(WHAT YOU WILL DO)
Each line of the material must be reproduced exactly; pictures stay out.

Start of Block

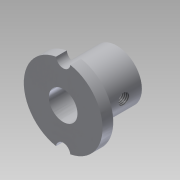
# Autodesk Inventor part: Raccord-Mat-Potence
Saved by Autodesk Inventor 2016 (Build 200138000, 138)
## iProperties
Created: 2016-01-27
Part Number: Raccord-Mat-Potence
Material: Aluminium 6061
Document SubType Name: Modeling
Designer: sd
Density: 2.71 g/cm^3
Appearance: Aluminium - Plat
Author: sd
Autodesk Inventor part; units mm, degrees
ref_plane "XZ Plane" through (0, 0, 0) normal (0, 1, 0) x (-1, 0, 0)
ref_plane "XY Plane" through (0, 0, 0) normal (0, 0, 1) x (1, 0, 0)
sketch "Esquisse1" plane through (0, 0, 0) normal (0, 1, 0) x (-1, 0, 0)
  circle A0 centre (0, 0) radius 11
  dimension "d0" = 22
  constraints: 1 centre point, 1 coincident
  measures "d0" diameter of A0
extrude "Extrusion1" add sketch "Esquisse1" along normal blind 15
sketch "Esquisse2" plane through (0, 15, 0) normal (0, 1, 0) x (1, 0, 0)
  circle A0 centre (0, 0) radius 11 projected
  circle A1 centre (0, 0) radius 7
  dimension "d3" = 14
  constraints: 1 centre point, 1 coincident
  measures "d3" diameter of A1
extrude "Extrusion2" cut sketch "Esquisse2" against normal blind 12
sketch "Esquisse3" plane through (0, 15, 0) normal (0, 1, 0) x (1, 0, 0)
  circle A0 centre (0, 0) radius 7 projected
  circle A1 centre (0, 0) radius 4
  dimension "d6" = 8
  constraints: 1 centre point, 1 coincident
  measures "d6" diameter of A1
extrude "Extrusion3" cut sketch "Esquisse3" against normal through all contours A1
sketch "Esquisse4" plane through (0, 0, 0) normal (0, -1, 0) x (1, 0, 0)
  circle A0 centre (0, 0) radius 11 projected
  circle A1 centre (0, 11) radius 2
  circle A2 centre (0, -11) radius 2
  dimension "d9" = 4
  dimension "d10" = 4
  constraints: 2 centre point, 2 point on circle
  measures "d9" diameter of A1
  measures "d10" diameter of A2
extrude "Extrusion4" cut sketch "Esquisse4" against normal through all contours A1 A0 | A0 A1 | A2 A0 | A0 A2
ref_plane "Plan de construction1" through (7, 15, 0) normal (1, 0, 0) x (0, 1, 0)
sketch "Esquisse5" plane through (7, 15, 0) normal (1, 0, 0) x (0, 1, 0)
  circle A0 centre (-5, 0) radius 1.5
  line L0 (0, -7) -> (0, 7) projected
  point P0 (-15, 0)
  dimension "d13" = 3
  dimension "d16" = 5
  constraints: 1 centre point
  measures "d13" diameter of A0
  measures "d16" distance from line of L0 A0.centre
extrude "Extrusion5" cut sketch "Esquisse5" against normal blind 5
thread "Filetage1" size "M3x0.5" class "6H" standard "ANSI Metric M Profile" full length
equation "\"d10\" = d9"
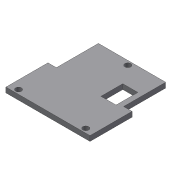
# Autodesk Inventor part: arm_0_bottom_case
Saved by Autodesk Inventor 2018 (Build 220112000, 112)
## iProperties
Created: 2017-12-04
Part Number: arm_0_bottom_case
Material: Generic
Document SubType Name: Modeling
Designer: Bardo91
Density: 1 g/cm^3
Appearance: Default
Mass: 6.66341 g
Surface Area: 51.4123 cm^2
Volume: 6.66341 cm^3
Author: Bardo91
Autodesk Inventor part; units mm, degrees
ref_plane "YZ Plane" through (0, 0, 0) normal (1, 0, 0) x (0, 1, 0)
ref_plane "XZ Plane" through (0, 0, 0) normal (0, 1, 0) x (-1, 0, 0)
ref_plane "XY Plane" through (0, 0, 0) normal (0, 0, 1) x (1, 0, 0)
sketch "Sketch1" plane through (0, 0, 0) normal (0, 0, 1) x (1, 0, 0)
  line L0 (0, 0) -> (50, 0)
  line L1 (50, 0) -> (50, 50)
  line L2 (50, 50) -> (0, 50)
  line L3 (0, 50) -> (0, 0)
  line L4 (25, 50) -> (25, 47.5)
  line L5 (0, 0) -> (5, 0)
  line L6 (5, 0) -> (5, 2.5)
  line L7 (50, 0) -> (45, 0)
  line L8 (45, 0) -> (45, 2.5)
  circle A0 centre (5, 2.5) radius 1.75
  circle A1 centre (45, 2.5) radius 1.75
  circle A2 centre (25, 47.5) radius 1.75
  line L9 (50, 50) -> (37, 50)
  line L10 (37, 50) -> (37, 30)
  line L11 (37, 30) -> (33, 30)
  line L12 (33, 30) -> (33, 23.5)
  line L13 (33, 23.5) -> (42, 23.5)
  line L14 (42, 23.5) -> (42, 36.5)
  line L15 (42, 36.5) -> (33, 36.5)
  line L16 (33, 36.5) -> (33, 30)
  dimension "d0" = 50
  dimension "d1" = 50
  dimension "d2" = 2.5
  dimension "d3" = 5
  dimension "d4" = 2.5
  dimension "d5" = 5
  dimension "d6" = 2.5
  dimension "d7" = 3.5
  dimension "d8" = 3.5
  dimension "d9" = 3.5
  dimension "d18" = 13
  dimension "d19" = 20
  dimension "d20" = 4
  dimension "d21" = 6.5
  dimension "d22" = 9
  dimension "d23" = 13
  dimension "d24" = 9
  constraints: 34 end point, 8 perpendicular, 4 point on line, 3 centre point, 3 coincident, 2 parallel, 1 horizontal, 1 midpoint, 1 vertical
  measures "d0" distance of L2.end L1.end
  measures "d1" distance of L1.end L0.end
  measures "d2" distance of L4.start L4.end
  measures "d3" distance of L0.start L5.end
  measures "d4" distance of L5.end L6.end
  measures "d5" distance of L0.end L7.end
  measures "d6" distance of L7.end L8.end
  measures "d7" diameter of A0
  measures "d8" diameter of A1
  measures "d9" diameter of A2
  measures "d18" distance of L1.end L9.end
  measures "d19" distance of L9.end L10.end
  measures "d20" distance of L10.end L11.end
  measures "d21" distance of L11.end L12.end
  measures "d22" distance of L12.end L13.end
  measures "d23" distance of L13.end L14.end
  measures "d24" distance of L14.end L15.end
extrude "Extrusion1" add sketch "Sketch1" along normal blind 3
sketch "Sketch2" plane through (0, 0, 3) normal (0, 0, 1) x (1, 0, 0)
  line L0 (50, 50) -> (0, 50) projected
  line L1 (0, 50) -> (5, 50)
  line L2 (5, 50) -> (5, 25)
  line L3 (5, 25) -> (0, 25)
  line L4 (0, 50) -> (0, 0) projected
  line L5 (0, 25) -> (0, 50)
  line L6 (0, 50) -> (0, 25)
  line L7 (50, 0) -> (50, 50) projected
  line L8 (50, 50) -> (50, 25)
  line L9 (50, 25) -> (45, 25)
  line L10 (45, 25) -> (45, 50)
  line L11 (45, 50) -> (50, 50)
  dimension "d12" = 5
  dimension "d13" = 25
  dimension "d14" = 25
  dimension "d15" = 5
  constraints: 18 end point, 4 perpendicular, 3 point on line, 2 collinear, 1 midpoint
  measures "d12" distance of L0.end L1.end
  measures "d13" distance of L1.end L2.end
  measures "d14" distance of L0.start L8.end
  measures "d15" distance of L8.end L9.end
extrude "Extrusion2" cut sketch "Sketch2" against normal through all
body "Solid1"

End of Block

(RESULT FOR THIS TASK)
# Autodesk Inventor part: Raccord-Mat-Potence
Saved by Autodesk Inventor 2016 (Build 200138000, 138)
## iProperties
Created: 2016-01-27
Part Number: Raccord-Mat-Potence
Material: Aluminium 6061
Document SubType Name: Modeling
Designer: sd
Density: 2.71 g/cm^3
Appearance: Aluminium - Plat
Author: sd
Autodesk Inventor part; units mm, degrees
ref_plane "XZ Plane" through (0, 0, 0) normal (0, 1, 0) x (-1, 0, 0)
ref_plane "XY Plane" through (0, 0, 0) normal (0, 0, 1) x (1, 0, 0)
sketch "Esquisse1" plane through (0, 0, 0) normal (0, 1, 0) x (-1, 0, 0)
  circle A0 centre (0, 0) radius 11
  dimension "d0" = 22
  constraints: 1 centre point, 1 coincident
  measures "d0" diameter of A0
extrude "Extrusion1" add sketch "Esquisse1" along normal blind 15
sketch "Esquisse2" plane through (0, 15, 0) normal (0, 1, 0) x (1, 0, 0)
  circle A0 centre (0, 0) radius 11 projected
  circle A1 centre (0, 0) radius 7
  dimension "d3" = 14
  constraints: 1 centre point, 1 coincident
  measures "d3" diameter of A1
extrude "Extrusion2" cut sketch "Esquisse2" against normal blind 12
sketch "Esquisse3" plane through (0, 15, 0) normal (0, 1, 0) x (1, 0, 0)
  circle A0 centre (0, 0) radius 7 projected
  circle A1 centre (0, 0) radius 4
  dimension "d6" = 8
  constraints: 1 centre point, 1 coincident
  measures "d6" diameter of A1
extrude "Extrusion3" cut sketch "Esquisse3" against normal through all contours A1
sketch "Esquisse4" plane through (0, 0, 0) normal (0, -1, 0) x (1, 0, 0)
  circle A0 centre (0, 0) radius 11 projected
  circle A1 centre (0, 11) radius 2
  circle A2 centre (0, -11) radius 2
  dimension "d9" = 4
  dimension "d10" = 4
  constraints: 2 centre point, 2 point on circle
  measures "d9" diameter of A1
  measures "d10" diameter of A2
extrude "Extrusion4" cut sketch "Esquisse4" against normal through all contours A1 A0 | A0 A1 | A2 A0 | A0 A2
ref_plane "Plan de construction1" through (7, 15, 0) normal (1, 0, 0) x (0, 1, 0)
sketch "Esquisse5" plane through (7, 15, 0) normal (1, 0, 0) x (0, 1, 0)
  circle A0 centre (-5, 0) radius 1.5
  line L0 (0, -7) -> (0, 7) projected
  point P0 (-15, 0)
  dimension "d13" = 3
  dimension "d16" = 5
  constraints: 1 centre point
  measures "d13" diameter of A0
  measures "d16" distance from line of L0 A0.centre
extrude "Extrusion5" cut sketch "Esquisse5" against normal blind 5
thread "Filetage1" size "M3x0.5" class "6H" standard "ANSI Metric M Profile" full length
equation "\"d10\" = d9"
# Autodesk Inventor part: arm_0_bottom_case
Saved by Autodesk Inventor 2018 (Build 220112000, 112)
## iProperties
Created: 2017-12-04
Part Number: arm_0_bottom_case
Material: Generic
Document SubType Name: Modeling
Designer: Bardo91
Density: 1 g/cm^3
Appearance: Default
Mass: 6.66341 g
Surface Area: 51.4123 cm^2
Volume: 6.66341 cm^3
Author: Bardo91
Autodesk Inventor part; units mm, degrees
ref_plane "YZ Plane" through (0, 0, 0) normal (1, 0, 0) x (0, 1, 0)
ref_plane "XZ Plane" through (0, 0, 0) normal (0, 1, 0) x (-1, 0, 0)
ref_plane "XY Plane" through (0, 0, 0) normal (0, 0, 1) x (1, 0, 0)
sketch "Sketch1" plane through (0, 0, 0) normal (0, 0, 1) x (1, 0, 0)
  line L0 (0, 0) -> (50, 0)
  line L1 (50, 0) -> (50, 50)
  line L2 (50, 50) -> (0, 50)
  line L3 (0, 50) -> (0, 0)
  line L4 (25, 50) -> (25, 47.5)
  line L5 (0, 0) -> (5, 0)
  line L6 (5, 0) -> (5, 2.5)
  line L7 (50, 0) -> (45, 0)
  line L8 (45, 0) -> (45, 2.5)
  circle A0 centre (5, 2.5) radius 1.75
  circle A1 centre (45, 2.5) radius 1.75
  circle A2 centre (25, 47.5) radius 1.75
  line L9 (50, 50) -> (37, 50)
  line L10 (37, 50) -> (37, 30)
  line L11 (37, 30) -> (33, 30)
  line L12 (33, 30) -> (33, 23.5)
  line L13 (33, 23.5) -> (42, 23.5)
  line L14 (42, 23.5) -> (42, 36.5)
  line L15 (42, 36.5) -> (33, 36.5)
  line L16 (33, 36.5) -> (33, 30)
  dimension "d0" = 50
  dimension "d1" = 50
  dimension "d2" = 2.5
  dimension "d3" = 5
  dimension "d4" = 2.5
  dimension "d5" = 5
  dimension "d6" = 2.5
  dimension "d7" = 3.5
  dimension "d8" = 3.5
  dimension "d9" = 3.5
  dimension "d18" = 13
  dimension "d19" = 20
  dimension "d20" = 4
  dimension "d21" = 6.5
  dimension "d22" = 9
  dimension "d23" = 13
  dimension "d24" = 9
  constraints: 34 end point, 8 perpendicular, 4 point on line, 3 centre point, 3 coincident, 2 parallel, 1 horizontal, 1 midpoint, 1 vertical
  measures "d0" distance of L2.end L1.end
  measures "d1" distance of L1.end L0.end
  measures "d2" distance of L4.start L4.end
  measures "d3" distance of L0.start L5.end
  measures "d4" distance of L5.end L6.end
  measures "d5" distance of L0.end L7.end
  measures "d6" distance of L7.end L8.end
  measures "d7" diameter of A0
  measures "d8" diameter of A1
  measures "d9" diameter of A2
  measures "d18" distance of L1.end L9.end
  measures "d19" distance of L9.end L10.end
  measures "d20" distance of L10.end L11.end
  measures "d21" distance of L11.end L12.end
  measures "d22" distance of L12.end L13.end
  measures "d23" distance of L13.end L14.end
  measures "d24" distance of L14.end L15.end
extrude "Extrusion1" add sketch "Sketch1" along normal blind 3
sketch "Sketch2" plane through (0, 0, 3) normal (0, 0, 1) x (1, 0, 0)
  line L0 (50, 50) -> (0, 50) projected
  line L1 (0, 50) -> (5, 50)
  line L2 (5, 50) -> (5, 25)
  line L3 (5, 25) -> (0, 25)
  line L4 (0, 50) -> (0, 0) projected
  line L5 (0, 25) -> (0, 50)
  line L6 (0, 50) -> (0, 25)
  line L7 (50, 0) -> (50, 50) projected
  line L8 (50, 50) -> (50, 25)
  line L9 (50, 25) -> (45, 25)
  line L10 (45, 25) -> (45, 50)
  line L11 (45, 50) -> (50, 50)
  dimension "d12" = 5
  dimension "d13" = 25
  dimension "d14" = 25
  dimension "d15" = 5
  constraints: 18 end point, 4 perpendicular, 3 point on line, 2 collinear, 1 midpoint
  measures "d12" distance of L0.end L1.end
  measures "d13" distance of L1.end L2.end
  measures "d14" distance of L0.start L8.end
  measures "d15" distance of L8.end L9.end
extrude "Extrusion2" cut sketch "Sketch2" against normal through all
body "Solid1"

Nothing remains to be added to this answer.